Director, Pact - An Adoption Alliance

Beth Hall is an adoption educator who co-founded Pact, An Adoption Alliance, which is a multicultural adoption organization dedicated to addressing essential issues affecting adopted children of color. Pact offers lifelong support and placement services for birth and adoptive families with adopted kids of color. A national speaker, she is also the author of numerous articles and a book, Inside Transracial Adoption, which is filled with personal stories, practical suggestions, and theory, and delivers the message that race matters; racism is alive; and families built transracially can develop strong and binding ties. In 2010 she received the Outstanding Practitioner in Adoption Award, from the Adoption Initiative at St. John's University.
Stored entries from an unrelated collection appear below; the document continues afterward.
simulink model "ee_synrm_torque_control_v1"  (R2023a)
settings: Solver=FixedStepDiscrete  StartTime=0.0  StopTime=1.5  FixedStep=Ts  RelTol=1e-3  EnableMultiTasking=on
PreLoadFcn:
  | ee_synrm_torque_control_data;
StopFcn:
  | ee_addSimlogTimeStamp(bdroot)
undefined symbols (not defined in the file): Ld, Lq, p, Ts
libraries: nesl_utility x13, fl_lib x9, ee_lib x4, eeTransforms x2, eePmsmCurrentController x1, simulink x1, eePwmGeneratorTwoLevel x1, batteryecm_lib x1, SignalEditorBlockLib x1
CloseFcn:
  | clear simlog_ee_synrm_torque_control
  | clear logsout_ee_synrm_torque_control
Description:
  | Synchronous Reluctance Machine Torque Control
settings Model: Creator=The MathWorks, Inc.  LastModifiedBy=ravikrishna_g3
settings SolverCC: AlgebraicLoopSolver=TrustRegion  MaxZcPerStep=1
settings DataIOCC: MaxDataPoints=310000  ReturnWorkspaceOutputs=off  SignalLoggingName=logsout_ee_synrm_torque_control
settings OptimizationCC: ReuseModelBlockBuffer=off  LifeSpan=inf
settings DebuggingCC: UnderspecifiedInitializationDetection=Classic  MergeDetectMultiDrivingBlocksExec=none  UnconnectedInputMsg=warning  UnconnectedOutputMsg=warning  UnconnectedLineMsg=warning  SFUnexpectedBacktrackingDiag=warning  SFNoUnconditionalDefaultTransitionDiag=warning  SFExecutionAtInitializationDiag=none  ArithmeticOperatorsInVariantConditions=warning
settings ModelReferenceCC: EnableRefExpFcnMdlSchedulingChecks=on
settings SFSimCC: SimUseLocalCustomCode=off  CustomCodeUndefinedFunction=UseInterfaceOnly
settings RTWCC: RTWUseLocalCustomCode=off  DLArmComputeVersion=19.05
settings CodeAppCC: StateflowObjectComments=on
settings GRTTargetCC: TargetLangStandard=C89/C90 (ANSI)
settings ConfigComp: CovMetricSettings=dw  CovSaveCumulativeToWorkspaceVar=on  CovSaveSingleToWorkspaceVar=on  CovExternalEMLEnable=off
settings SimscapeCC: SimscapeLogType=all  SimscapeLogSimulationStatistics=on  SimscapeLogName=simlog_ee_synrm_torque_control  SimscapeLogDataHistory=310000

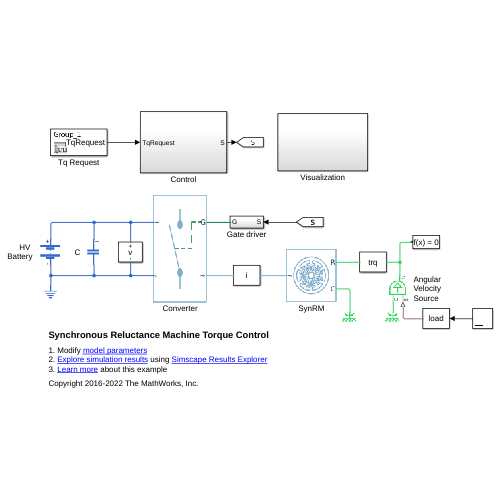
[thumbnail: Simulink's stored preview of the top-level diagram]
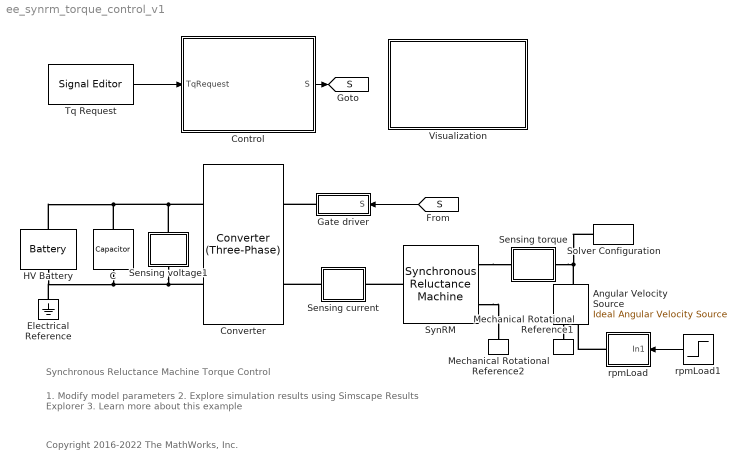
== system ee_synrm_torque_control_v1 ==
  note: Synchronous Reluctance Machine Torque Control
  note: 1. Modify model parameters
      | 2. Explore simulation results using Simscape Results Explorer
      | 3. Learn more about this example
  note: Copyright 2016-2022 The MathWorks, Inc.
  Angular Velocity Source : fl_lib/Mechanical/Mechanical Sources/Ideal Angular Velocity Source
  C : fl_lib/Electrical/Electrical Elements/Capacitor  c=Cdc F  r=1e-6 Ohm  g=0 1/Ohm  i_specify=off  i_priority=None  i=0 A  i_nominal_specify=off  i_nominal_unit=A  i_nominal_value=1  v_specify=off  v_priority=None  v=0 V  v_nominal_specify=off  v_nominal_unit=V  v_nominal_value=1  vc_specify=on  vc_priority=None  vc=Vnom V  vc_nominal_specify=off  vc_nominal_unit=V  vc_nominal_value=1
  Control : Subsystem
  Converter : ee_lib/Semiconductors & Converters/Converters/Converter (Three-Phase)  port_option=ee.enum.threePhasePort.composite  device_type=3  K=0  Vf=0.8 V  Ron=0.001 Ohm  Rds=0.001 Ohm  Goff=1e-5 1/Ohm  Vgt=1 V  Vgt_off=-1 V  Ih=1 A  Vth=0.5 V  diode_param=2  diode_Vf=0.8 V  diode_Ron=0.001 Ohm  diode_Goff=1e-5 1/Ohm  diode_C=50 nF  diode_iRM=-235 A  diode_iF=300 A  diode_idot=-50 A/us  diode_trr_param=1  diode_trr_factor=3  diode_trr=15 us  diode_Qrr=1.5e+3 s*uA  snubber_type=0  Cs=1e-7 F  Rs=0.1 Ohm
  Electrical Reference : fl_lib/Electrical/Electrical Elements/Electrical Reference
  Gate driver : Subsystem
  HV Battery : batteryecm_lib/Battery  Vnom=Vnom V  prm_dir=1  R1_dis=2 Ohm  R1_ch=2 Ohm  R1=0.001 Ohm  prm_AH=1  AH=10000 hr*A  V1=V1 V  AH1=3000 hr*A  prm_R2=1  R2=2000 Ohm  Tmeas=298.15 K  charge_measurement_port=simscape.enum.battery.enable.no  prm_dyn=1  Rp1=0.005 Ohm  tau1=30 s  Rp2=0.005 Ohm  tau2=30 s  Rp3=0.005 Ohm  tau3=30 s  Rp4=0.005 Ohm  tau4=30 s  Rp5=0.005 Ohm  tau5=30 s  prm_fade=1  N_fade=100  AH_fade=45 hr*A  R1_fade=2.02 Ohm  R1_ch_fade=2.02 Ohm  V1_fade=10.35 V  prm_age=1  prm_age_OCV=1  OCV_age=0.9  SOC_age=60  Tmeas_age=298.15 K  delta_time_age_vec=[0] d  temperature_age_vec=[273] K  OCV_scaling_age=2.2134e6  OCV_offset_age=1.632e6  temp_exp_age=0.515833569 V  t_exp_age=0.75  Vnom_T2=12 V  R1_T2=2.2 Ohm  R1_T2_dis=2.2 Ohm  R1_T2_ch=2.2 Ohm  V1_T2=11.4 V  R2_T2=2200 Ohm  Rp1_T2=0.005 Ohm  tau1_T2=30 s  Rp2_T2=0.005 Ohm  tau2_T2=30 s  Rp3_T2=0.005 Ohm  tau3_T2=30 s  Rp4_T2=0.005 Ohm  tau4_T2=30 s  Rp5_T2=0.005 Ohm  tau5_T2=30 s  Tmeas2=273.15 K  thermal_port=simscape.enum.thermaleffects.omit  thermal_mass=30000 J/K  i_specify=off  i_priority=None  i=0 A  i_nominal_specify=off  i_nominal_unit=A  i_nominal_value=1  v_specify=off  v_priority=None  v=0 V  v_nominal_specify=off  v_nominal_unit=V  v_nominal_value=1  charge_specify=on  charge_priority=High  charge=8000 hr*A  charge_nominal_specify=off  charge_nominal_unit=A*hr  charge_nominal_value=1  num_cycles_specify=off  num_cycles_priority=High  num_cycles=0  num_cycles_nominal_specify=off  num_cycles_nominal_unit=1  num_cycles_nominal_value=1  temperature_specify=off  temperature_priority=High  temperature=298.15 K  temperature_nominal_specify=off  temperature_nominal_unit=K  temperature_nominal_value=1
  Mechanical Rotational Reference1 : fl_lib/Mechanical/Rotational Elements/Mechanical Rotational Reference
  Mechanical Rotational Reference2 : fl_lib/Mechanical/Rotational Elements/Mechanical Rotational Reference
  Sensing current : Subsystem
      mask Display: disp('i')
  Sensing torque : Subsystem
      mask Display: disp('trq')
  Sensing voltage1 : Subsystem
      mask Display: disp('v')
  Solver Configuration : nesl_utility/Solver Configuration  PhysicalDomain=network_engine_domain  SubClassName=solver  LeftPortType=input  RightPortType=generic  Tones=[]  Harmonics=[]  SimulateNoise=off  Profile=off  UseLocalSampling=off  EnableSwitchedLinearOptims=on  FrequencyDomain=off  UseCCode=off  RelTol=0.001  AbsTol=1e-06  MinStep=1e-09  ToWorkspace=off  RevertToSquareIcSolve=off  NumHomotopyIterations=100  PhasorMode=off  PhasorModeNumHarmonics=1  ConsistencySolver=NEWTON_FTOL  IndexReductionMethod=DerivativeReplacement  DoDC=off  ResidualTolerance=1e-9  ConsistencyTolSource=GLOBAL  ConsistencyAbsTol=0.001  ConsistencyRelTol=0.001  ConsistencyTolFactor=0.001  UseLocalSolver=on  LocalSolverChoice=NE_BACKWARD_EULER_ADVANCER  ResolveIndetEquations=on  FunctionEvalNumThread=1  LocalSolverSampleTime=Ts  DoFixedCost=on  MaxNonlinIter=5  MaxModeIter=2  ComputeImpulses=off  ImpulseIterations=2  LinearAlgebra=auto  LinearAlgebraNumThread=0  EquationFormulation=NE_TIME_EF  DelaysMemoryBudget=1024  AutomaticFiltering=on  FilteringTimeConstant=0.001  PartitionStorageMethod=AS_NEEDED  PartitionMemoryBudget=1024  PartitionMethod=FAST
  SynRM : ee_lib/Electromechanical/Reluctance & Stepper/Synchronous Reluctance Machine  port_option=ee.enum.threePhasePort.composite  nPolePairs=p  stator_param=1  machine_param=ee.enum.dqparameterization.constant  Ld=Ld H  Lq=Lq H  idVec=[-200, 0, 200] A  iqVec=[-200, 0, 200] A  LdMatrix=0.0031 * ones(3, 3) H  LqMatrix=0.004 * ones(3, 3) H  L0=L0 H  Ls=0.0025 H  Lm=-0.0003 H  Ms=0.0010 H  Rs=Rs Ohm  zero_sequence=ee.enum.park.zerosequence.exclude  iron_loss_option=ee.enum.electromech.synrm.ironloss.specifyRm  Rm=inf Ohm  rotorLossCoeff_k_h_DQ=zeros(3, 3) W/Hz  rotorLossCoeff_k_J_DQ=zeros(3, 3) W/Hz^2  rotorLossCoeff_k_ex_DQ=zeros(3, 3) W/Hz^(3/2)  statorLossCoeff_k_h_DQ=zeros(3, 3) W/Hz  statorLossCoeff_k_J_DQ=zeros(3, 3) W/Hz^2  statorLossCoeff_k_ex_DQ=zeros(3, 3) W/Hz^(3/2)  wVec=[1000, 2000] rpm  rotorLossTable_DQ=zeros(3, 3, 2) W  statorLossTable_DQ=zeros(3, 3, 2) W  J=0 kg*m^2  lam=0 N*m/(rad/s)  axes_param=1  i_d_specify=off  i_d_priority=None  i_d=0 A  i_d_nominal_specify=off  i_d_nominal_unit=A  i_d_nominal_value=1  i_q_specify=off  i_q_priority=None  i_q=0 A  i_q_nominal_specify=off  i_q_nominal_unit=A  i_q_nominal_value=1  torque_specify=off  torque_priority=None  torque=0 N*m  torque_nominal_specify=off  torque_nominal_unit=N*m  torque_nominal_value=1  angular_velocity_specify=off  angular_velocity_priority=High  angular_velocity=0 rpm  angular_velocity_nominal_specify=off  angular_velocity_nominal_unit=rpm  angular_velocity_nominal_value=1  angular_position_specify=off  angular_position_priority=None  angular_position=0 deg  angular_position_nominal_specify=off  angular_position_nominal_unit=deg  angular_position_nominal_value=1  Tmeas=298.15 K  alpha=3.93e-3 1/K  stator_thermal_mass=100 J/K  rotor_thermal_mass=200 J/K  ironloss_percent_rotor=50  temperatureA_specify=off  temperatureA_priority=High  temperatureA=25 degC  temperatureA_nominal_specify=off  temperatureA_nominal_unit=degC  temperatureA_nominal_value=1  temperatureB_specify=off  temperatureB_priority=High  temperatureB=25 degC  temperatureB_nominal_specify=off  temperatureB_nominal_unit=degC  temperatureB_nominal_value=1  temperatureC_specify=off  temperatureC_priority=High  temperatureC=25 degC  temperatureC_nominal_specify=off  temperatureC_nominal_unit=degC  temperatureC_nominal_value=1  temperatureR_specify=off  temperatureR_priority=High  temperatureR=25 degC  temperatureR_nominal_specify=off  temperatureR_nominal_unit=degC  temperatureR_nominal_value=1
      settings: InternalSimscapePortConfiguration="{\"Bottom\":[],\"Left\":[{\"id\":\"N\",\"label\":\"~\",\"type\":\"foundation.electrical.three_phase\"}],\"Right\":[{\"id\":\"R\",\"label\":\"R\",\"type\":\"foundation.mechanical.rotational.rotational\"},{\"id\":\"C\",\"label\":\"C\",\"type\":\"foundation.mechanical.rotational.rotational\"}],\"Top\":[]}"
  Tq Request : SignalEditorBlockLib/Signal Editor  FileName=ee_synrm_torque_control_Tq_Request.mat  ActiveScenario=Group_1  ActiveSignal=TqRequest  IsBus=off  OutputBusObjectStr=Bus: BusObject  SampleTime=0  OutputAfterFinalValue=Extrapolation  Unit=inherit  PreserveSignalName=on  ApplySigPropsToAllScenarios=on
  Visualization : Subsystem
  rpmLoad : Subsystem
      mask Display: disp('load')
  rpmLoad1 : Step  Time=0.05  After=1000  SampleTime=0
  tag scope: S=global
  wires:
  [S] -> Gate driver/1(S)
  rpmLoad1/1 -> rpmLoad/1(In1)
  Control/1(S) -> [S]
  Tq Request/1 -> Control/1(TqRequest)
  connections:
  Angular Velocity Source/LConn1 -- Solver Configuration/RConn1 -- Sensing torque/RConn1
  Angular Velocity Source/RConn2 -- Mechanical Rotational Reference1/LConn1
  Converter/RConn2 -- Sensing voltage1/RConn1 -- Electrical Reference/LConn1 -- HV Battery/RConn1 -- C/RConn1
  Converter/RConn1 -- Sensing voltage1/LConn1 -- HV Battery/LConn1 -- C/LConn1
  Gate driver/RConn1 -- Converter/LConn1
  Sensing current/LConn1 -- Converter/LConn2
  SynRM/LConn1 -- Sensing current/RConn1
  SynRM/RConn1 -- Sensing torque/LConn1
  SynRM/RConn2 -- Mechanical Rotational Reference2/LConn1
  rpmLoad/RConn1 -- Angular Velocity Source/RConn1

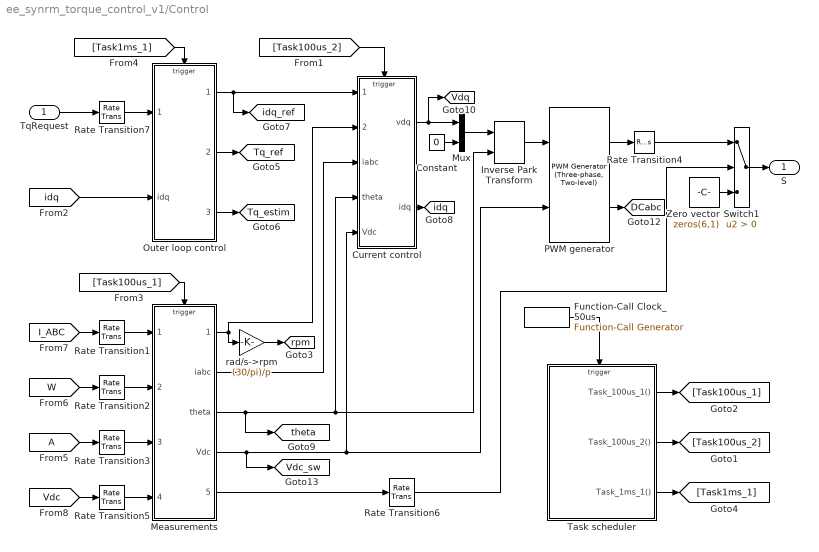
== system ee_synrm_torque_control_v1/Control ==
  TqRequest : Inport
  Constant : Constant  Value=0  SampleTime=-1
  Current control : Subsystem
  From5 : From  TagVisibility=global
  Function-Call Clock_50us : simulink/Ports & Subsystems/Function-Call Generator  sample_time=5e-5  numberOfIterations=1  DisallowWideOutput=off
  Inverse Park Transform : eeTransforms/Inverse Park Transform  AxisAlignment=Q-axis  PowerInvariant=off
  Measurements : Subsystem
  Mux : Mux  Inputs=2
  Outer loop control : Subsystem
  PWM generator : eePwmGeneratorTwoLevel/PWM Generator (Three-phase, Two-level)  PWMMode=Continuous PWM (CPWM)  CPWMMode=SVM: space vector modulation  DPWMMode=60 DPWM: 60 degree discontinuous PWM  fsw=fsw  Ts=Ts
  Rate Transition{1..7} (7 alike) : RateTransition
  Switch1 : Switch  Criteria=u2 > Threshold  SaturateOnIntegerOverflow=off  InputSameDT=off
  Task scheduler : Stateflow chart  TreatAsAtomicUnit=on
  Zero vector : Constant  Value=zeros(6,1)  SampleTime=Ts
  rad/s->rpm : Gain  Gain=(30/pi)/p
  S : Outport  VectorParamsAs1DForOutWhenUnconnected=off
  tag scope: DCabc=global, Tq_estim=global, Tq_ref=global, Vdc_sw=global, Vdq=global, idq=global, idq_ref=global, rpm=global, theta=global
  wires:
  Mux/1 -> Inverse Park Transform/1
  [Vdc] -> Rate Transition5/1
  [W] -> Rate Transition2/1
  TqRequest/1 -> Rate Transition7/1
  Constant/1 -> Mux/2
  Measurements/4(Vdc) -> [Vdc_sw], Current control/5(Vdc), PWM generator/2
  Function-Call Clock_50us/1 -> Task scheduler/Trigger
  Current control/2(idq) -> [idq]
  Switch1/1 -> S/1
  rad/s->rpm/1 -> [rpm]
  Rate Transition7/1 -> Outer loop control/1(TqRequest)
  [Task100us_1] -> Measurements/Trigger
  Inverse Park Transform/1 -> PWM generator/1
  Rate Transition5/1 -> Measurements/4(Vdc_m)
  Zero vector/1 -> Switch1/3
  Measurements/2(iabc) -> Current control/3(iabc)
  Rate Transition6/1 -> Switch1/2
  Rate Transition4/1 -> Switch1/1
  Measurements/5(PwmEnable) -> Rate Transition6/1
  Current control/1(vdq) -> Mux/1, [Vdq]
  PWM generator/1 -> Rate Transition4/1
  Outer loop control/3(Tq_estim) -> [Tq_estim]
  Task scheduler/1(Task_100us_1()) -> [Task100us_1]
  Outer loop control/1(idq_ref) -> [idq_ref], Current control/1(idq_ref)
  [I_ABC] -> Rate Transition1/1
  Measurements/3(theta) -> [theta], Inverse Park Transform/2, Current control/4(theta)
  [idq] -> Outer loop control/2(idq)
  Task scheduler/2(Task_100us_2()) -> [Task100us_2]
  Measurements/1(omega) -> rad/s->rpm/1, Current control/2(omega)
  Outer loop control/2(Tq_ref) -> [Tq_ref]
  Rate Transition2/1 -> Measurements/2(omega_m)
  Task scheduler/3(Task_1ms_1()) -> [Task1ms_1]
  PWM generator/2 -> [DCabc]
  Rate Transition3/1 -> Measurements/3(theta_m)
  Rate Transition1/1 -> Measurements/1(iabc_m)
  From5/1 -> Rate Transition3/1
  [Task1ms_1] -> Outer loop control/Trigger
  [Task100us_2] -> Current control/Trigger

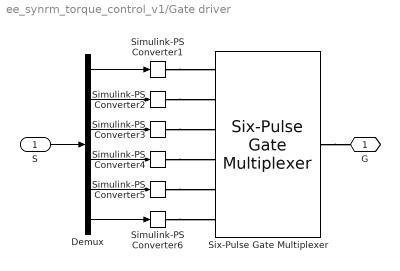
== system ee_synrm_torque_control_v1/Gate driver ==
  S : Inport
  Demux : Demux  Outputs=6
  Simulink-PS Converter{1..6} (6 alike) : nesl_utility/Simulink-PS Converter  PhysicalDomain=network_engine_domain  SubClassName=ps_input  LeftPortType=input  RightPortType=output  PseudoPeriodic=off  Frequencies=[]  NoiseDistribution=none  NoiseParameters=[]  Unit=1  AffineConversion=off  FilteringAndDerivatives=zero  SimscapeFilterOrder=1  InputFilterTimeConstant=0.001  UdotUserProvided=1
  Six-Pulse Gate Multiplexer : ee_lib/Semiconductors & Converters/Converters/Six-Pulse Gate Multiplexer  port_option=ee.enum.controlport.ps
  G : PMIOPort  Side=Right
  wires:
  Demux/1 -> Simulink-PS Converter1/1
  S/1 -> Demux/1
  Demux/4 -> Simulink-PS Converter4/1
  Demux/2 -> Simulink-PS Converter2/1
  Demux/3 -> Simulink-PS Converter3/1
  Demux/5 -> Simulink-PS Converter5/1
  Demux/6 -> Simulink-PS Converter6/1
  connections:
  Six-Pulse Gate Multiplexer/RConn1 -- G/RConn1
  Simulink-PS Converter1/RConn1 -- Six-Pulse Gate Multiplexer/LConn1
  Simulink-PS Converter3/RConn1 -- Six-Pulse Gate Multiplexer/LConn3
  Simulink-PS Converter5/RConn1 -- Six-Pulse Gate Multiplexer/LConn5
  Simulink-PS Converter6/RConn1 -- Six-Pulse Gate Multiplexer/LConn6
  Simulink-PS Converter4/RConn1 -- Six-Pulse Gate Multiplexer/LConn4
  Simulink-PS Converter2/RConn1 -- Six-Pulse Gate Multiplexer/LConn2

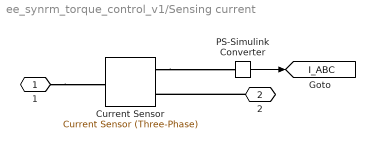
== system ee_synrm_torque_control_v1/Sensing current ==
  Current Sensor : ee_lib/Sensors & Transducers/Current Sensor (Three-Phase)
  PS-Simulink Converter : nesl_utility/PS-Simulink Converter  PhysicalDomain=network_engine_domain  SubClassName=ps_output  LeftPortType=input  RightPortType=output  PseudoPeriodic=off  Frequencies=[]  VectorFormat=1-D array  Unit=A  AffineConversion=off
  1 : PMIOPort  Side=Left
  2 : PMIOPort  Port=2  Side=Right
  tag scope: I_ABC=global
  wires:
  PS-Simulink Converter/1 -> [I_ABC]
  connections:
  1/RConn1 -- Current Sensor/LConn1
  2/RConn1 -- Current Sensor/RConn2
  Current Sensor/RConn1 -- PS-Simulink Converter/LConn1

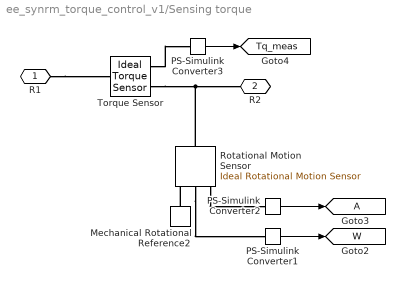
== system ee_synrm_torque_control_v1/Sensing torque ==
  Goto3 : Goto  TagVisibility=global
  Mechanical Rotational Reference2 : fl_lib/Mechanical/Rotational Elements/Mechanical Rotational Reference
  PS-Simulink Converter1 : nesl_utility/PS-Simulink Converter  PhysicalDomain=network_engine_domain  SubClassName=ps_output  LeftPortType=input  RightPortType=output  PseudoPeriodic=off  Frequencies=[]  VectorFormat=1-D array  Unit=rad/s  AffineConversion=off
  PS-Simulink Converter2 : nesl_utility/PS-Simulink Converter  PhysicalDomain=network_engine_domain  SubClassName=ps_output  LeftPortType=input  RightPortType=output  PseudoPeriodic=off  Frequencies=[]  VectorFormat=1-D array  Unit=rad  AffineConversion=off
  PS-Simulink Converter3 : nesl_utility/PS-Simulink Converter  PhysicalDomain=network_engine_domain  SubClassName=ps_output  LeftPortType=input  RightPortType=output  PseudoPeriodic=off  Frequencies=[]  VectorFormat=1-D array  Unit=N*m  AffineConversion=off
  Rotational Motion Sensor : fl_lib/Mechanical/Mechanical Sensors/Ideal Rotational Motion Sensor  reference=foundation.enum.MeasurementReference.difference  acceleration_port=false  velocity_port=true  position_port=true  wrap_angle=simscape.enum.onoff.off  offset=0 deg
  Torque Sensor : fl_lib/Mechanical/Mechanical Sensors/Ideal Torque Sensor
  R1 : PMIOPort  Side=Left
  R2 : PMIOPort  Port=2  Side=Right
  tag scope: Tq_meas=global, W=global
  wires:
  PS-Simulink Converter3/1 -> [Tq_meas]
  PS-Simulink Converter1/1 -> [W]
  PS-Simulink Converter2/1 -> Goto3/1
  connections:
  R1/RConn1 -- Torque Sensor/LConn1
  Torque Sensor/RConn2 -- PS-Simulink Converter3/LConn1
  Torque Sensor/RConn1 -- Rotational Motion Sensor/LConn1 -- R2/RConn1
  Rotational Motion Sensor/RConn3 -- PS-Simulink Converter2/LConn1
  Rotational Motion Sensor/RConn2 -- PS-Simulink Converter1/LConn1
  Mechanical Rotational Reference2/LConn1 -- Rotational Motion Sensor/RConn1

She currently serves as a contributing author and advisory board member for “Adoption Clubhouse,” a project promoting positive identity in transracially adopted children for the Evan B. Donaldson Institute for Adoption and as an Advisory Board Member for the On Your Feet Foundation, dedicated to supporting birth mothers of adopted children.Commitment to family is a way of life for Beth. She is the white adoptive mom of two young adults: Sofia, a Latina, and James, an African American. Beth grew up a member of an adoptive family—her sister, Barbara, was adopted. She lives in Oakland, California, with her husband and sometimes her adult children, when they are home.